Where to start? Need a mortgage

Discussion in 'Budget Board' started by phred52, May 26, 2010.

  1. phred52

    phred52 I love vacation!

    Dec 19, 2007
    The last time I needed to take out a mortgage, it was 28 years ago. My memory is fuzzy on the details and my Dad was around to give me pointers.

    This time I am on my own. Where do I start? I'm thinking going directly to the bank and not involving a middle man. I saw ING online had offers for a good rate for a mortgage...filled out enough to read the fine print. Its only good for your primary residence. We are looking to buy a second home. It is for 'sale by owner', so there's no real estate person to guide me.

    I'd appreciate hearing about your experiences to give me an idea of what to do next. Thanks friends.
  2. fkj2

    fkj2 DIS Veteran

    Jun 12, 2000
    When I applied for my HELOC, I had to submit proof of income and list the outstanding debts I had. The bank evaluates the debt-to-income ratio. When speaking with the branch manager, I was told the bank was requiring 20% down. The bank will also consider who else has claim to other secured loans, such as if you have a mortgage on the home you currently live in.

    You should have the option of retaining a real estate agent of your own, who would act as the buyer's agent. The house would still have to be appraised by the bank but they'll probably loan as much as they think you can afford.

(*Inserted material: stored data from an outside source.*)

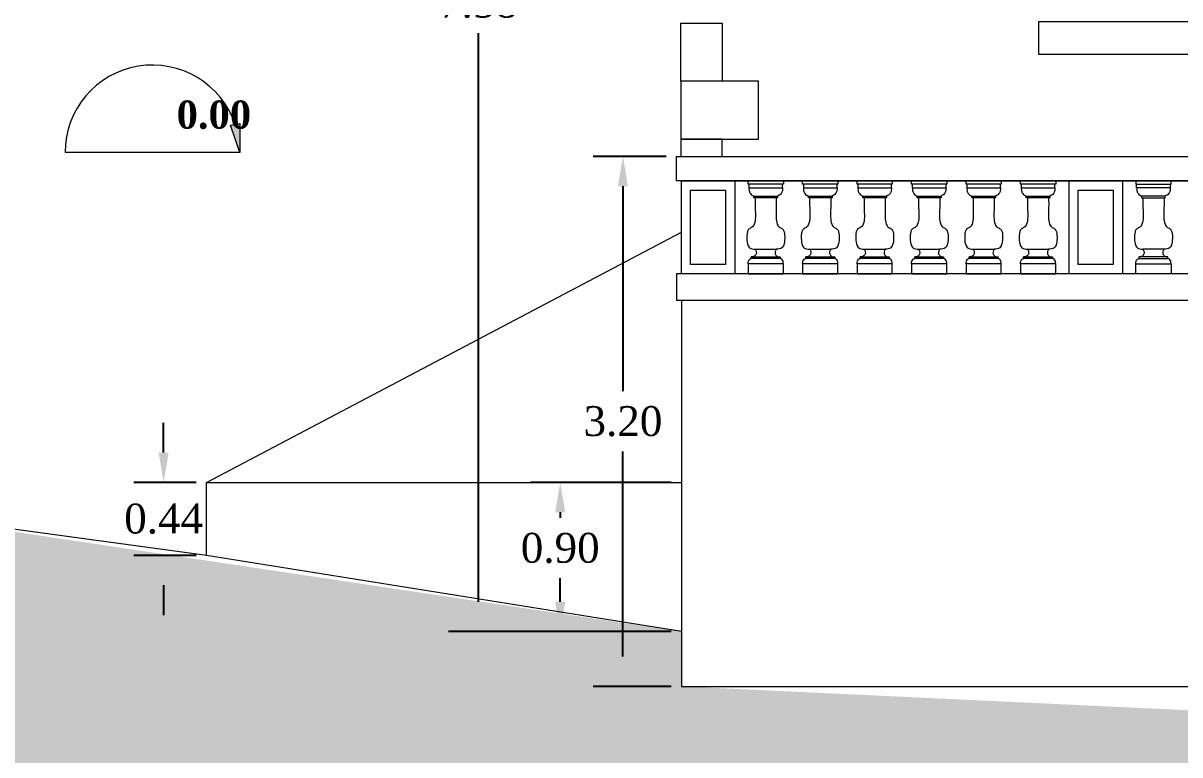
# Model space of a CAD drawing. Header units: millimetres. Extents: x -17502 to -16646, y 1856 to 2034.
# Drawn here: x -17206.38 to -17199.4, y 1865.84 to 1870.25 of the extents above; entities that cross this region are included whole.
import ezdxf

# ---------------------------------------------------------------- set-up
doc = ezdxf.new("R2010")
doc.units = ezdxf.units.MM
doc.layers.get('0').update_dxf_attribs({"lineweight": 9})
doc.layers.get('Defpoints').update_dxf_attribs({"lineweight": 9})
doc.styles.get("Standard").update_dxf_attribs({"font": 'times.ttf'})
doc.dimstyles.get("Standard").update_dxf_attribs({"dimtxt": 0.18, "dimasz": 0.18, "dimexe": 0.18, "dimexo": 0.0625, "dimgap": 0.09, "dimtad": 0, "dimtih": 1, "dimtoh": 1, "dimzin": 0, "dimdsep": 46, "dimtxsty": 'Standard', "dimcen": 0.09, "dimadec": 0, "dimazin": 0, "dimtfac": 1, "dimtofl": 0, "dimtmove": 0, "dimatfit": 3, "dimfxl": 1, "dimtolj": 1, "dimtzin": 0, "dimarcsym": 0})

# ---------------------------------------------------------------- blocks, each defined once
blk = doc.blocks.new('*D546')
at = {"color": 0, "lineweight": -2, "transparency": 16777216}
for p, q in [((-17205.5308, 1867.6584), (-17205.5308, 1867.8384)), ((-17205.3348, 1867.4784), (-17205.7108, 1867.4784)), ((-17205.3348, 1867.0384), (-17205.7108, 1867.0384)), ((-17205.5308, 1866.8584), (-17205.5308, 1866.6784))]:
    blk.add_line(p, q, dxfattribs=at)
at = {"color": 0, "lineweight": 9, "transparency": 16777216}
for points in [[(-17205.5608, 1867.6584), (-17205.5008, 1867.6584), (-17205.5308, 1867.4784)], [(-17205.5608, 1866.8584), (-17205.5008, 1866.8584), (-17205.5308, 1867.0384)]]:
    blk.add_solid(points, dxfattribs=at)
at = {"layer": 'Defpoints', "color": 0, "lineweight": 9, "transparency": 16777216}
for p in [(-17205.2723, 1867.4784), (-17205.5308, 1867.0384), (-17205.2723, 1867.0384)]:
    blk.add_point(p, dxfattribs=at)
at = {"color": 0, "lineweight": 9, "transparency": 16777216, "insert": (-17205.5308, 1867.2584), "char_height": 0.18, "attachment_point": 5}
blk.add_mtext('\\A1;0.44', dxfattribs=at)
blk = doc.blocks.new('*D547')
at = {"color": 0, "lineweight": -2, "transparency": 16777216}
for p, q in [((-17202.4694, 1867.4784), (-17203.318, 1867.4784)), ((-17203.138, 1867.2984), (-17203.138, 1867.2639)), ((-17203.138, 1866.7584), (-17203.138, 1866.9003)), ((-17202.4694, 1866.5784), (-17203.318, 1866.5784))]:
    blk.add_line(p, q, dxfattribs=at)
at = {"color": 0, "lineweight": 9, "transparency": 16777216}
for points in [[(-17203.168, 1867.2984), (-17203.108, 1867.2984), (-17203.138, 1867.4784)], [(-17203.168, 1866.7584), (-17203.108, 1866.7584), (-17203.138, 1866.5784)]]:
    blk.add_solid(points, dxfattribs=at)
at = {"layer": 'Defpoints', "color": 0, "lineweight": 9, "transparency": 16777216}
for p in [(-17202.4069, 1867.4784), (-17203.138, 1866.5784), (-17202.4069, 1866.5784)]:
    blk.add_point(p, dxfattribs=at)
at = {"color": 0, "lineweight": 9, "transparency": 16777216, "insert": (-17203.138, 1867.0821), "char_height": 0.18, "attachment_point": 5}
blk.add_mtext('\\A1;0.90', dxfattribs=at)
blk = doc.blocks.new('*D548')
at = {"color": 0, "lineweight": -2, "transparency": 16777216}
for p, q in [((-17202.4994, 1869.4449), (-17202.9396, 1869.4449)), ((-17202.7596, 1869.2649), (-17202.7596, 1868.0284)), ((-17202.7596, 1866.4284), (-17202.7596, 1867.6648)), ((-17202.4694, 1866.2484), (-17202.9396, 1866.2484))]:
    blk.add_line(p, q, dxfattribs=at)
at = {"color": 0, "lineweight": 9, "transparency": 16777216}
for points in [[(-17202.7896, 1869.2649), (-17202.7296, 1869.2649), (-17202.7596, 1869.4449)], [(-17202.7896, 1866.4284), (-17202.7296, 1866.4284), (-17202.7596, 1866.2484)]]:
    blk.add_solid(points, dxfattribs=at)
at = {"layer": 'Defpoints', "color": 0, "lineweight": 9, "transparency": 16777216}
for p in [(-17202.4369, 1869.4449), (-17202.7596, 1866.2484), (-17202.4069, 1866.2484)]:
    blk.add_point(p, dxfattribs=at)
at = {"color": 0, "lineweight": 9, "transparency": 16777216, "insert": (-17202.7596, 1867.8466), "char_height": 0.18, "attachment_point": 5}
blk.add_mtext('\\A1;3.20', dxfattribs=at)
blk = doc.blocks.new('*D549')
at = {"color": 0, "lineweight": -2, "transparency": 16777216}
for p, q in [((-17202.2577, 1874.1618), (-17203.8113, 1874.1618)), ((-17203.6313, 1873.9818), (-17203.6313, 1870.5519)), ((-17203.6313, 1866.7584), (-17203.6313, 1870.1883)), ((-17202.4694, 1866.5784), (-17203.8113, 1866.5784))]:
    blk.add_line(p, q, dxfattribs=at)
at = {"color": 0, "lineweight": 9, "transparency": 16777216}
for points in [[(-17203.6613, 1873.9818), (-17203.6013, 1873.9818), (-17203.6313, 1874.1618)], [(-17203.6613, 1866.7584), (-17203.6013, 1866.7584), (-17203.6313, 1866.5784)]]:
    blk.add_solid(points, dxfattribs=at)
at = {"layer": 'Defpoints', "color": 0, "lineweight": 9, "transparency": 16777216}
for p in [(-17202.1952, 1874.1618), (-17203.6313, 1866.5784), (-17202.4069, 1866.5784)]:
    blk.add_point(p, dxfattribs=at)
at = {"color": 0, "lineweight": 9, "transparency": 16777216, "insert": (-17203.6313, 1870.3701), "char_height": 0.18, "attachment_point": 5}
blk.add_mtext('\\A1;7.58', dxfattribs=at)

msp = doc.modelspace()

# ---------------------------------------------------------------- hatches: boundary and pattern name
at = {"lineweight": 9}
h = msp.add_hatch(color=1, dxfattribs=at)
h.dxf.hatch_style = 1
h.paths.add_polyline_path([(-17205.1278, 1869.633), (-17205.0711, 1869.6425), (-17205.0711, 1869.4684)])
msp.add_hatch(color=254, dxfattribs=at).paths.add_polyline_path([(-17207.5019, 1867.3409), (-17202.4069, 1866.5784), (-17202.4069, 1866.2484), (-17198.4969, 1866.0643), (-17194.7869, 1866.0643), (-17189.9158, 1866.1163), (-17179.4389, 1865.846), (-17179.4389, 1864.6097), (-17207.5019, 1864.6097)])

# ---------------------------------------------------------------- linework, layer by layer
for p, q in [((-17205.1278, 1869.633), (-17205.0711, 1869.6425)), ((-17205.0711, 1869.4684), (-17205.1278, 1869.633)), ((-17205.0711, 1869.6425), (-17205.0711, 1869.4684))]:
    msp.add_line(p, q, dxfattribs=at)
for points in [[(-17202.411, 1870.2484), (-17202.161, 1870.2484), (-17202.161, 1869.8984), (-17202.411, 1869.8984)], [(-17200.2505, 1870.2584), (-17198.5775, 1870.2584), (-17198.5775, 1870.0584), (-17200.2505, 1870.0584)], [(-17201.941, 1869.8984), (-17202.411, 1869.8984), (-17202.411, 1869.5484), (-17201.941, 1869.5484)], [(-17202.0852, 1868.7366), (-17202.4069, 1868.7366), (-17202.4069, 1869.2972), (-17202.0852, 1869.2972)], [(-17202.1406, 1868.792), (-17202.3514, 1868.792), (-17202.3514, 1869.2418), (-17202.1406, 1869.2418)], [(-17202.0041, 1869.2972), (-17201.7919, 1869.2972), (-17201.7919, 1869.2771), (-17202.0041, 1869.2771)], [(-17201.9998, 1869.2546), (-17201.7962, 1869.2546), (-17201.7962, 1869.2771), (-17201.9998, 1869.2771)], [(-17201.6755, 1869.2972), (-17201.4633, 1869.2972), (-17201.4633, 1869.2771), (-17201.6755, 1869.2771)], [(-17201.6711, 1869.2546), (-17201.4676, 1869.2546), (-17201.4676, 1869.2771), (-17201.6711, 1869.2771)], [(-17201.3469, 1869.2972), (-17201.1346, 1869.2972), (-17201.1346, 1869.2771), (-17201.3469, 1869.2771)], [(-17201.3425, 1869.2546), (-17201.139, 1869.2546), (-17201.139, 1869.2771), (-17201.3425, 1869.2771)], [(-17201.0182, 1869.2972), (-17200.806, 1869.2972), (-17200.806, 1869.2771), (-17201.0182, 1869.2771)], [(-17201.0139, 1869.2546), (-17200.8104, 1869.2546), (-17200.8104, 1869.2771), (-17201.0139, 1869.2771)], [(-17200.6896, 1869.2972), (-17200.4774, 1869.2972), (-17200.4774, 1869.2771), (-17200.6896, 1869.2771)], [(-17200.6853, 1869.2546), (-17200.4817, 1869.2546), (-17200.4817, 1869.2771), (-17200.6853, 1869.2771)], [(-17200.361, 1869.2972), (-17200.1488, 1869.2972), (-17200.1488, 1869.2771), (-17200.361, 1869.2771)], [(-17200.3566, 1869.2546), (-17200.1531, 1869.2546), (-17200.1531, 1869.2771), (-17200.3566, 1869.2771)], [(-17199.746, 1868.7366), (-17200.0677, 1868.7366), (-17200.0677, 1869.2972), (-17199.746, 1869.2972)], [(-17199.8014, 1868.792), (-17200.0123, 1868.792), (-17200.0123, 1869.2418), (-17199.8014, 1869.2418)], [(-17199.4527, 1869.2972), (-17199.6649, 1869.2972), (-17199.6649, 1869.2771), (-17199.4527, 1869.2771)], [(-17199.4571, 1869.2546), (-17199.6606, 1869.2546), (-17199.6606, 1869.2771), (-17199.4571, 1869.2771)], [(-17201.9696, 1869.2044), (-17201.8263, 1869.2044), (-17201.8263, 1869.1939), (-17201.9696, 1869.1939)], [(-17201.641, 1869.2044), (-17201.4977, 1869.2044), (-17201.4977, 1869.1939), (-17201.641, 1869.1939)], [(-17201.3124, 1869.2044), (-17201.1691, 1869.2044), (-17201.1691, 1869.1939), (-17201.3124, 1869.1939)], [(-17200.9838, 1869.2044), (-17200.8405, 1869.2044), (-17200.8405, 1869.1939), (-17200.9838, 1869.1939)], [(-17200.6551, 1869.2044), (-17200.5118, 1869.2044), (-17200.5118, 1869.1939), (-17200.6551, 1869.1939)], [(-17200.3265, 1869.2044), (-17200.1832, 1869.2044), (-17200.1832, 1869.1939), (-17200.3265, 1869.1939)], [(-17199.4872, 1869.2044), (-17199.6305, 1869.2044), (-17199.6305, 1869.1939), (-17199.4872, 1869.1939)], [(-17201.9852, 1868.8384), (-17201.8107, 1868.8384), (-17201.8107, 1868.8288), (-17201.9852, 1868.8288)], [(-17201.6566, 1868.8384), (-17201.4821, 1868.8384), (-17201.4821, 1868.8288), (-17201.6566, 1868.8288)], [(-17201.328, 1868.8384), (-17201.1535, 1868.8384), (-17201.1535, 1868.8288), (-17201.328, 1868.8288)], [(-17200.9994, 1868.8384), (-17200.8249, 1868.8384), (-17200.8249, 1868.8288), (-17200.9994, 1868.8288)], [(-17200.6707, 1868.8384), (-17200.4962, 1868.8384), (-17200.4962, 1868.8288), (-17200.6707, 1868.8288)], [(-17200.3421, 1868.8384), (-17200.1676, 1868.8384), (-17200.1676, 1868.8288), (-17200.3421, 1868.8288)], [(-17199.4716, 1868.8384), (-17199.6461, 1868.8384), (-17199.6461, 1868.8288), (-17199.4716, 1868.8288)], [(-17202.0041, 1868.7366), (-17201.7919, 1868.7366), (-17201.7919, 1868.7976), (-17202.0041, 1868.7976)], [(-17201.6755, 1868.7366), (-17201.4633, 1868.7366), (-17201.4633, 1868.7976), (-17201.6755, 1868.7976)], [(-17201.3469, 1868.7366), (-17201.1346, 1868.7366), (-17201.1346, 1868.7976), (-17201.3469, 1868.7976)], [(-17201.0182, 1868.7366), (-17200.806, 1868.7366), (-17200.806, 1868.7976), (-17201.0182, 1868.7976)], [(-17200.6896, 1868.7366), (-17200.4774, 1868.7366), (-17200.4774, 1868.7976), (-17200.6896, 1868.7976)], [(-17200.361, 1868.7366), (-17200.1488, 1868.7366), (-17200.1488, 1868.7976), (-17200.361, 1868.7976)], [(-17199.4527, 1868.7366), (-17199.6649, 1868.7366), (-17199.6649, 1868.7976), (-17199.4527, 1868.7976)], [(-17202.4369, 1868.5784), (-17197.6569, 1868.5784), (-17197.6569, 1868.7366), (-17202.4369, 1868.7366)], [(-17202.4069, 1866.5784), (-17205.2723, 1867.0384), (-17205.2723, 1867.4784), (-17202.4069, 1867.4784)]]:
    msp.add_lwpolyline(points, close=True, dxfattribs=at)
for points in [[(-17202.161, 1869.4449), (-17202.161, 1869.5484), (-17202.411, 1869.5484), (-17202.411, 1869.4449)], [(-17197.6569, 1869.2972), (-17202.4369, 1869.2972), (-17202.4369, 1869.4449), (-17197.4069, 1869.4449), (-17197.4069, 1869.2972)], [(-17202.0852, 1869.2972), (-17200.0677, 1869.2972), (-17199.746, 1869.2972), (-17197.7285, 1869.2972)], [(-17201.9696, 1869.2044), (-17201.8263, 1869.2044)], [(-17201.641, 1869.2044), (-17201.4977, 1869.2044)], [(-17201.3124, 1869.2044), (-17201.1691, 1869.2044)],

    You should be able to research the selling prices of other and similar homes in the area to get a sense of what's reasonable to pay.
  3. mster425

    mster425 Mouseketeer

    Mar 18, 2009
    The 20% down was true for us too.

    If you're married, they'll go by the lowest credit score between you to determine your interest rate, so don't cancel credit cards, buy a car or miss any payments.

    Try the bank where you have your checking account or saving account, sometimes they'll give a discount to existing customers. For us going directly to the bank worked out better than a broker; we just acted as our own broker and called a bunch of banks. ETA: if you call a bunch of banks don't give them your SSN; if they run your credit report too many times your score takes a hit.
  4. scrapquitler

    scrapquitler DIS Veteran

    Aug 15, 2007
    We bought a second home about 6 years ago, so I can tell you my experiences, but I will also tell you that based on what I've heard from other people, things are slightly different now since the whole financial crisis of the last few years.

    Firstly, most of the advertised rates you will see, as you already found out, are for 'primary residences only". The rate you are going to pay for a mortgage on a second home is going to be somewhat higher (in our case, about half a % higher).

    Secondly, you are most likely not going to be able to get away with a smallish down payment. We were required to have 20% downpayment with our lender (wells fargo), but some of the other lenders wanted 25% down. My husband has talked to other people in the area (we own our second home in a ski resort area, where there are more second home owners than primary home owners) and now some of the lenders are requiring not only a high credit score but even bigger down payments (like 30% or more). But don't let that discourage you, it might vary greatly by where you are located, I just don't know.

    I would suggest calling a 'mortgage broker' in your area who will be able to research loans from several different lenders. At the same time, call a local bank and a local credit union, sometimes they will give you a better deal (the rate might be higher with one but the fees might be lower or vice versa).

    Also, be aware that the homeowners insurance is going to be more for a second home than a primary home (and if you plan to rent, even higher still). And the taxes...:headache: A lot of areas charge higher taxes to second homeowners just because they can, but that might not happen everywhere.
  5. ssawka

    ssawka DIS Veteran

    Oct 30, 2007
    I would seriously consider getting a buyer's agent. Just because the seller dosen't have an agent, dosen't mean you have to go without one. In fact, you might be able to use the "for sale by owner" to your advantage, unless the seller is very knowledgeable.

    Also, your first step should be to get "pre-approved" so the seller knows you are ready to buy when you make an offer.